BIko's his funeral was the first big political funeral in South Africa. As bus-loads of mourners neared Biko's burial town (King William’s Town), they passed Black youths standing solemnly along the road with their clenched fists raised. Prominent white liberals, such as the parliamentarian, Helen Suzman, attended. So did the black American diplomat, Donald McHenry and other international dignitaries. At the funeral, 20 000 people marched and sang freedom songs. For five hours, speakers eulogised Biko. The Rev, Xundu, the Transkei Anglican priest, who presided over the funeral, appealed to God to take sides with the oppressed to overthrow the system.

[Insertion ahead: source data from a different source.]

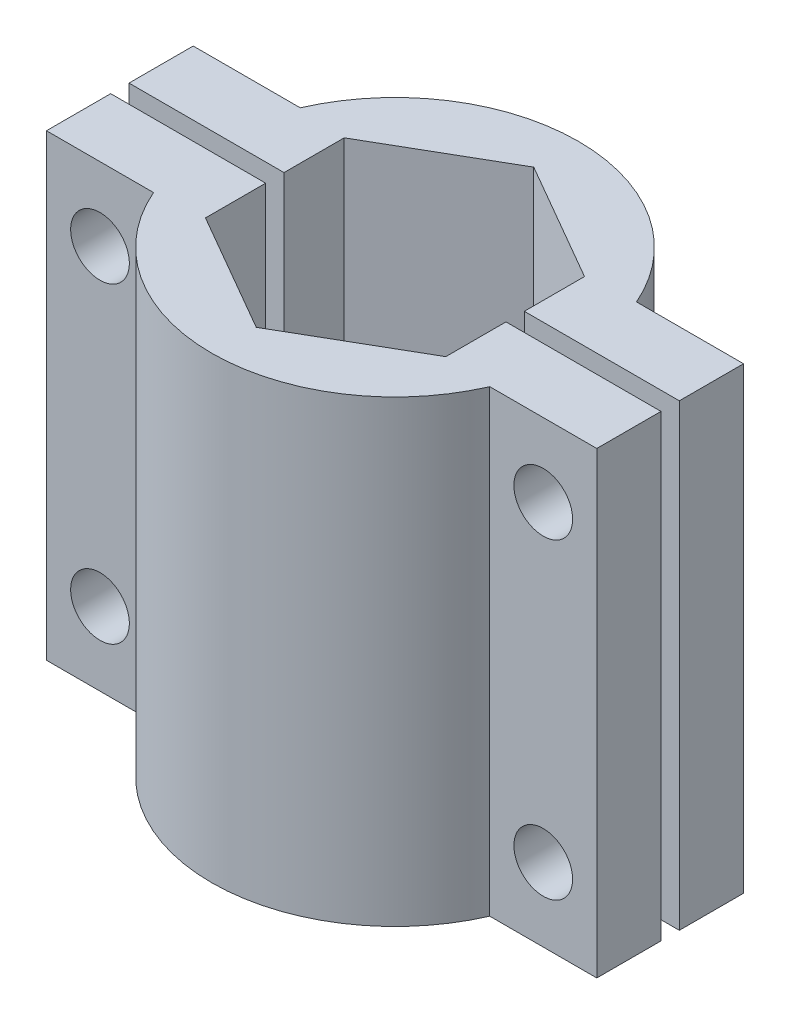
ISO-10303-21;
HEADER;
FILE_DESCRIPTION(('STEP AP214'),'2;1');
FILE_NAME('part.step','',(''),(''),'','','');
FILE_SCHEMA(('AUTOMOTIVE_DESIGN { 1 0 10303 214 1 1 1 1 }'));
ENDSEC;
DATA;
#1=APPLICATION_CONTEXT('core data for automotive mechanical design processes');
#2=APPLICATION_PROTOCOL_DEFINITION('international standard','automotive_design',2000,#1);
#3=PRODUCT_CONTEXT('',#1,'mechanical');
#4=PRODUCT('Part','Part','',(#3));
#5=PRODUCT_RELATED_PRODUCT_CATEGORY('part','',(#4));
#6=PRODUCT_DEFINITION_FORMATION('','',#4);
#7=PRODUCT_DEFINITION_CONTEXT('part definition',#1,'design');
#8=PRODUCT_DEFINITION('design','',#6,#7);
#9=PRODUCT_DEFINITION_SHAPE('','',#8);
#10=(LENGTH_UNIT() NAMED_UNIT(*) SI_UNIT(.MILLI.,.METRE.));
#11=(NAMED_UNIT(*) PLANE_ANGLE_UNIT() SI_UNIT($,.RADIAN.));
#12=(NAMED_UNIT(*) SI_UNIT($,.STERADIAN.) SOLID_ANGLE_UNIT());
#13=UNCERTAINTY_MEASURE_WITH_UNIT(LENGTH_MEASURE(1.E-05),#10,'distance_accuracy_value','');
#14=(GEOMETRIC_REPRESENTATION_CONTEXT(3) GLOBAL_UNCERTAINTY_ASSIGNED_CONTEXT((#13)) GLOBAL_UNIT_ASSIGNED_CONTEXT((#10,
#11,#12)) REPRESENTATION_CONTEXT('',''));
#15=CARTESIAN_POINT('',(0.,0.,0.));
#16=DIRECTION('',(0.,0.,1.));
#17=DIRECTION('',(1.,0.,0.));
#18=AXIS2_PLACEMENT_3D('',#15,#16,#17);
#19=CARTESIAN_POINT('',(15.,25.,4.));
#20=DIRECTION('',(-1.,0.,0.));
#21=DIRECTION('',(0.,0.,1.));
#22=AXIS2_PLACEMENT_3D('',#19,#20,#21);
#23=PLANE('',#22);
#24=DIRECTION('',(0.,-1.,0.));
#25=VECTOR('',#24,1.);
#26=CARTESIAN_POINT('',(15.,25.,-0.5));
#27=LINE('',#26,#25);
#28=CARTESIAN_POINT('',(15.,25.,-0.5));
#29=VERTEX_POINT('',#28);
#30=CARTESIAN_POINT('',(15.,0.,-0.5));
#31=VERTEX_POINT('',#30);
#32=EDGE_CURVE('E119',#29,#31,#27,.T.);
#33=ORIENTED_EDGE('',*,*,#32,.T.);
#34=DIRECTION('',(0.,0.,-1.));
#35=VECTOR('',#34,1.);
#36=CARTESIAN_POINT('',(15.,0.,4.));
#37=LINE('',#36,#35);
#38=CARTESIAN_POINT('',(15.,0.,-4.));
#39=VERTEX_POINT('',#38);
#40=EDGE_CURVE('E116',#31,#39,#37,.T.);
#41=ORIENTED_EDGE('',*,*,#40,.T.);
#42=DIRECTION('',(0.,-1.,0.));
#43=VECTOR('',#42,1.);
#44=CARTESIAN_POINT('',(15.,25.,-4.));
#45=LINE('',#44,#43);
#46=CARTESIAN_POINT('',(15.,25.,-4.));
#47=VERTEX_POINT('',#46);
#48=EDGE_CURVE('E170',#47,#39,#45,.T.);
#49=ORIENTED_EDGE('',*,*,#48,.F.);
#50=DIRECTION('',(0.,0.,-1.));
#51=VECTOR('',#50,1.);
#52=CARTESIAN_POINT('',(15.,25.,4.));
#53=LINE('',#52,#51);
#54=EDGE_CURVE('E107',#29,#47,#53,.T.);
#55=ORIENTED_EDGE('',*,*,#54,.F.);
#56=EDGE_LOOP('',(#33,#41,#49,#55));
#57=FACE_BOUND('',#56,.T.);
#58=ADVANCED_FACE('F44',(#57),#23,.F.);
#59=CARTESIAN_POINT('',(-15.,25.,4.));
#60=DIRECTION('',(1.,0.,0.));
#61=DIRECTION('',(0.,0.,-1.));
#62=AXIS2_PLACEMENT_3D('',#59,#60,#61);
#63=PLANE('',#62);
#64=DIRECTION('',(0.,-1.,0.));
#65=VECTOR('',#64,1.);
#66=CARTESIAN_POINT('',(-15.,25.,-0.5));
#67=LINE('',#66,#65);
#68=CARTESIAN_POINT('',(-15.,25.,-0.5));
#69=VERTEX_POINT('',#68);
#70=CARTESIAN_POINT('',(-15.,0.,-0.5));
#71=VERTEX_POINT('',#70);
#72=EDGE_CURVE('E12',#69,#71,#67,.T.);
#73=ORIENTED_EDGE('',*,*,#72,.F.);
#74=DIRECTION('',(0.,0.,1.));
#75=VECTOR('',#74,1.);
#76=CARTESIAN_POINT('',(-15.,25.,4.));
#77=LINE('',#76,#75);
#78=CARTESIAN_POINT('',(-15.,25.,-4.));
#79=VERTEX_POINT('',#78);
#80=EDGE_CURVE('E98',#79,#69,#77,.T.);
#81=ORIENTED_EDGE('',*,*,#80,.F.);
#82=DIRECTION('',(0.,-1.,0.));
#83=VECTOR('',#82,1.);
#84=CARTESIAN_POINT('',(-15.,25.,-4.));
#85=LINE('',#84,#83);
#86=CARTESIAN_POINT('',(-15.,0.,-4.));
#87=VERTEX_POINT('',#86);
#88=EDGE_CURVE('E112',#79,#87,#85,.T.);
#89=ORIENTED_EDGE('',*,*,#88,.T.);
#90=DIRECTION('',(0.,0.,1.));
#91=VECTOR('',#90,1.);
#92=CARTESIAN_POINT('',(-15.,0.,4.));
#93=LINE('',#92,#91);
#94=EDGE_CURVE('E100',#87,#71,#93,.T.);
#95=ORIENTED_EDGE('',*,*,#94,.T.);
#96=EDGE_LOOP('',(#73,#81,#89,#95));
#97=FACE_BOUND('',#96,.T.);
#98=ADVANCED_FACE('F95',(#97),#63,.F.);
#99=CARTESIAN_POINT('',(0.,25.,0.));
#100=DIRECTION('',(0.,1.,0.));
#101=DIRECTION('',(0.,0.,1.));
#102=AXIS2_PLACEMENT_3D('',#99,#100,#101);
#103=PLANE('',#102);
#104=ORIENTED_EDGE('',*,*,#80,.T.);
#105=DIRECTION('',(-1.,0.,0.));
#106=VECTOR('',#105,1.);
#107=CARTESIAN_POINT('',(-15.,25.,-0.5));
#108=LINE('',#107,#106);
#109=CARTESIAN_POINT('',(-6.55,25.,-0.5));
#110=VERTEX_POINT('',#109);
#111=EDGE_CURVE('E53',#110,#69,#108,.T.);
#112=ORIENTED_EDGE('',*,*,#111,.F.);
#113=DIRECTION('',(0.,0.,1.));
#114=VECTOR('',#113,1.);
#115=CARTESIAN_POINT('',(-6.55,25.,-3.78164426319205));
#116=LINE('',#115,#114);
#117=CARTESIAN_POINT('',(-6.55,25.,-3.78164426319205));
#118=VERTEX_POINT('',#117);
#119=EDGE_CURVE('E136',#118,#110,#116,.T.);
#120=ORIENTED_EDGE('',*,*,#119,.F.);
#121=DIRECTION('',(-0.866025403784439,0.,0.5));
#122=VECTOR('',#121,1.);
#123=CARTESIAN_POINT('',(0.,25.,-7.5632885263841));
#124=LINE('',#123,#122);
#125=CARTESIAN_POINT('',(0.,25.,-7.5632885263841));
#126=VERTEX_POINT('',#125);
#127=EDGE_CURVE('E181',#126,#118,#124,.T.);
#128=ORIENTED_EDGE('',*,*,#127,.F.);
#129=DIRECTION('',(-0.866025403784439,0.,-0.5));
#130=VECTOR('',#129,1.);
#131=CARTESIAN_POINT('',(6.55,25.,-3.78164426319205));
#132=LINE('',#131,#130);
#133=CARTESIAN_POINT('',(6.55,25.,-3.78164426319205));
#134=VERTEX_POINT('',#133);
#135=EDGE_CURVE('E198',#134,#126,#132,.T.);
#136=ORIENTED_EDGE('',*,*,#135,.F.);
#137=DIRECTION('',(0.,0.,-1.));
#138=VECTOR('',#137,1.);
#139=CARTESIAN_POINT('',(6.55,25.,3.78164426319205));
#140=LINE('',#139,#138);
#141=CARTESIAN_POINT('',(6.55,25.,-0.499999999999999));
#142=VERTEX_POINT('',#141);
#143=EDGE_CURVE('E138',#142,#134,#140,.T.);
#144=ORIENTED_EDGE('',*,*,#143,.F.);
#145=EDGE_CURVE('E91',#29,#142,#108,.T.);
#146=ORIENTED_EDGE('',*,*,#145,.F.);
#147=ORIENTED_EDGE('',*,*,#54,.T.);
#148=DIRECTION('',(-1.,0.,0.));
#149=VECTOR('',#148,1.);
#150=CARTESIAN_POINT('',(9.16515138991168,25.,-4.));
#151=LINE('',#150,#149);
#152=CARTESIAN_POINT('',(9.16515138991168,25.,-4.));
#153=VERTEX_POINT('',#152);
#154=EDGE_CURVE('E110',#47,#153,#151,.T.);
#155=ORIENTED_EDGE('',*,*,#154,.T.);
#156=CARTESIAN_POINT('',(0.,25.,0.));
#157=DIRECTION('',(0.,1.,0.));
#158=DIRECTION('',(0.,0.,1.));
#159=AXIS2_PLACEMENT_3D('',#156,#157,#158);
#160=CIRCLE('',#159,10.);
#161=CARTESIAN_POINT('',(-9.16515138991168,25.,-4.));
#162=VERTEX_POINT('',#161);
#163=EDGE_CURVE('E190',#153,#162,#160,.T.);
#164=ORIENTED_EDGE('',*,*,#163,.T.);
#165=DIRECTION('',(-1.,0.,0.));
#166=VECTOR('',#165,1.);
#167=CARTESIAN_POINT('',(-15.,25.,-4.));
#168=LINE('',#167,#166);
#169=EDGE_CURVE('E105',#162,#79,#168,.T.);
#170=ORIENTED_EDGE('',*,*,#169,.T.);
#171=EDGE_LOOP('',(#104,#112,#120,#128,#136,#144,#146,#147,#155,#164,#170));
#172=FACE_BOUND('',#171,.T.);
#173=ADVANCED_FACE('F102',(#172),#103,.T.);
#174=CARTESIAN_POINT('',(0.,0.,0.));
#175=DIRECTION('',(0.,1.,0.));
#176=DIRECTION('',(0.,0.,1.));
#177=AXIS2_PLACEMENT_3D('',#174,#175,#176);
#178=PLANE('',#177);
#179=DIRECTION('',(-1.,0.,0.));
#180=VECTOR('',#179,1.);
#181=CARTESIAN_POINT('',(-15.,0.,-0.5));
#182=LINE('',#181,#180);
#183=CARTESIAN_POINT('',(-3.00873727666608,0.,-0.5));
#184=VERTEX_POINT('',#183);
#185=EDGE_CURVE('E61',#184,#71,#182,.T.);
#186=ORIENTED_EDGE('',*,*,#185,.T.);
#187=ORIENTED_EDGE('',*,*,#94,.F.);
#188=DIRECTION('',(-1.,0.,0.));
#189=VECTOR('',#188,1.);
#190=CARTESIAN_POINT('',(-15.,0.,-4.));
#191=LINE('',#190,#189);
#192=CARTESIAN_POINT('',(-9.16515138991168,0.,-4.));
#193=VERTEX_POINT('',#192);
#194=EDGE_CURVE('E177',#193,#87,#191,.T.);
#195=ORIENTED_EDGE('',*,*,#194,.F.);
#196=CARTESIAN_POINT('',(0.,0.,0.));
#197=DIRECTION('',(0.,1.,0.));
#198=DIRECTION('',(0.,0.,1.));
#199=AXIS2_PLACEMENT_3D('',#196,#197,#198);
#200=CIRCLE('',#199,10.);
#201=CARTESIAN_POINT('',(9.16515138991168,0.,-4.));
#202=VERTEX_POINT('',#201);
#203=EDGE_CURVE('E173',#202,#193,#200,.T.);
#204=ORIENTED_EDGE('',*,*,#203,.F.);
#205=DIRECTION('',(-1.,0.,0.));
#206=VECTOR('',#205,1.);
#207=CARTESIAN_POINT('',(9.16515138991168,0.,-4.));
#208=LINE('',#207,#206);
#209=EDGE_CURVE('E142',#39,#202,#208,.T.);
#210=ORIENTED_EDGE('',*,*,#209,.F.);
#211=ORIENTED_EDGE('',*,*,#40,.F.);
#212=CARTESIAN_POINT('',(3.00873727666608,0.,-0.5));
#213=VERTEX_POINT('',#212);
#214=EDGE_CURVE('E129',#31,#213,#182,.T.);
#215=ORIENTED_EDGE('',*,*,#214,.T.);
#216=CARTESIAN_POINT('',(0.,0.,0.));
#217=DIRECTION('',(0.,-1.,0.));
#218=DIRECTION('',(0.,0.,-1.));
#219=AXIS2_PLACEMENT_3D('',#216,#217,#218);
#220=CIRCLE('',#219,3.05);
#221=EDGE_CURVE('E125',#184,#213,#220,.T.);
#222=ORIENTED_EDGE('',*,*,#221,.F.);
#223=EDGE_LOOP('',(#186,#187,#195,#204,#210,#211,#215,#222));
#224=FACE_BOUND('',#223,.T.);
#225=ADVANCED_FACE('F223',(#224),#178,.F.);
#226=CARTESIAN_POINT('',(0.,12.5,0.));
#227=DIRECTION('',(0.,-1.,0.));
#228=DIRECTION('',(0.,0.,-1.));
#229=AXIS2_PLACEMENT_3D('',#226,#227,#228);
#230=CYLINDRICAL_SURFACE('',#229,3.05);
#231=DIRECTION('',(0.,-1.,0.));
#232=VECTOR('',#231,1.);
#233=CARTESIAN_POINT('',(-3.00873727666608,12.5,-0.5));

Two years later the South African Medical and Dental Council (SAMDC) disciplinary committee found there was no prima facie case against the two doctors who had treated Biko shortly before his death. Dissatisfied doctors presented a petition to the Council in February 1982 seeking another inquiry into the role of the medical authorities who had treated Biko shortly before his death. This was rejected on the grounds that no new evidence had come to light. Biko’s death caught the attention of the international community, which increased the pressure on the South African government to abolish its detention policies and called for an international probe on the causes of Biko's death. Even close allies of South Africa, Britain and the United States of America, expressed deep concern over the death of Biko.
It took eight years of intense pressure before the South African Medical Council took disciplinary action. On 30 January 1985, the Pretoria Supreme Court ordered the SAMDC to hold an inquiry into the conduct of the two doctors who treated Steve Biko for five days before he died. In judgment handed down Judge President of the Transvaal Justice W. G. Boshoff said that there was prima facie evidence of improper or disgraceful conduct on the part of the “Biko” doctors in a professional respect.
Sadly, Biko’s death did not put an end to the ill-treatment of prisoners. Years later, when young Dr Wendy Orr made her disclosures about the treatment of detainees in the Eastern Cape it became clear that conditions had changed very little. In September 1987 Helen Suzman once again produced claims of torture and ill-treatment in detention with thirty-seven signed affidavits. In 1997 Biko’s killers appeared before the Truth and Reconciliation Commission (TRC) to request amnesty for the death of the student leader. However, they only claimed responsibility for assaulting him and maintained that his death was accidental. They also testified that they lied about his date of death. The family of Biko opposed the TRC hearings on the grounds that they would rob them of justice. They accused Harold Synman, the policeman responsible for Biko’s death, of adding more lies to the circumstances surrounding Biko’s death.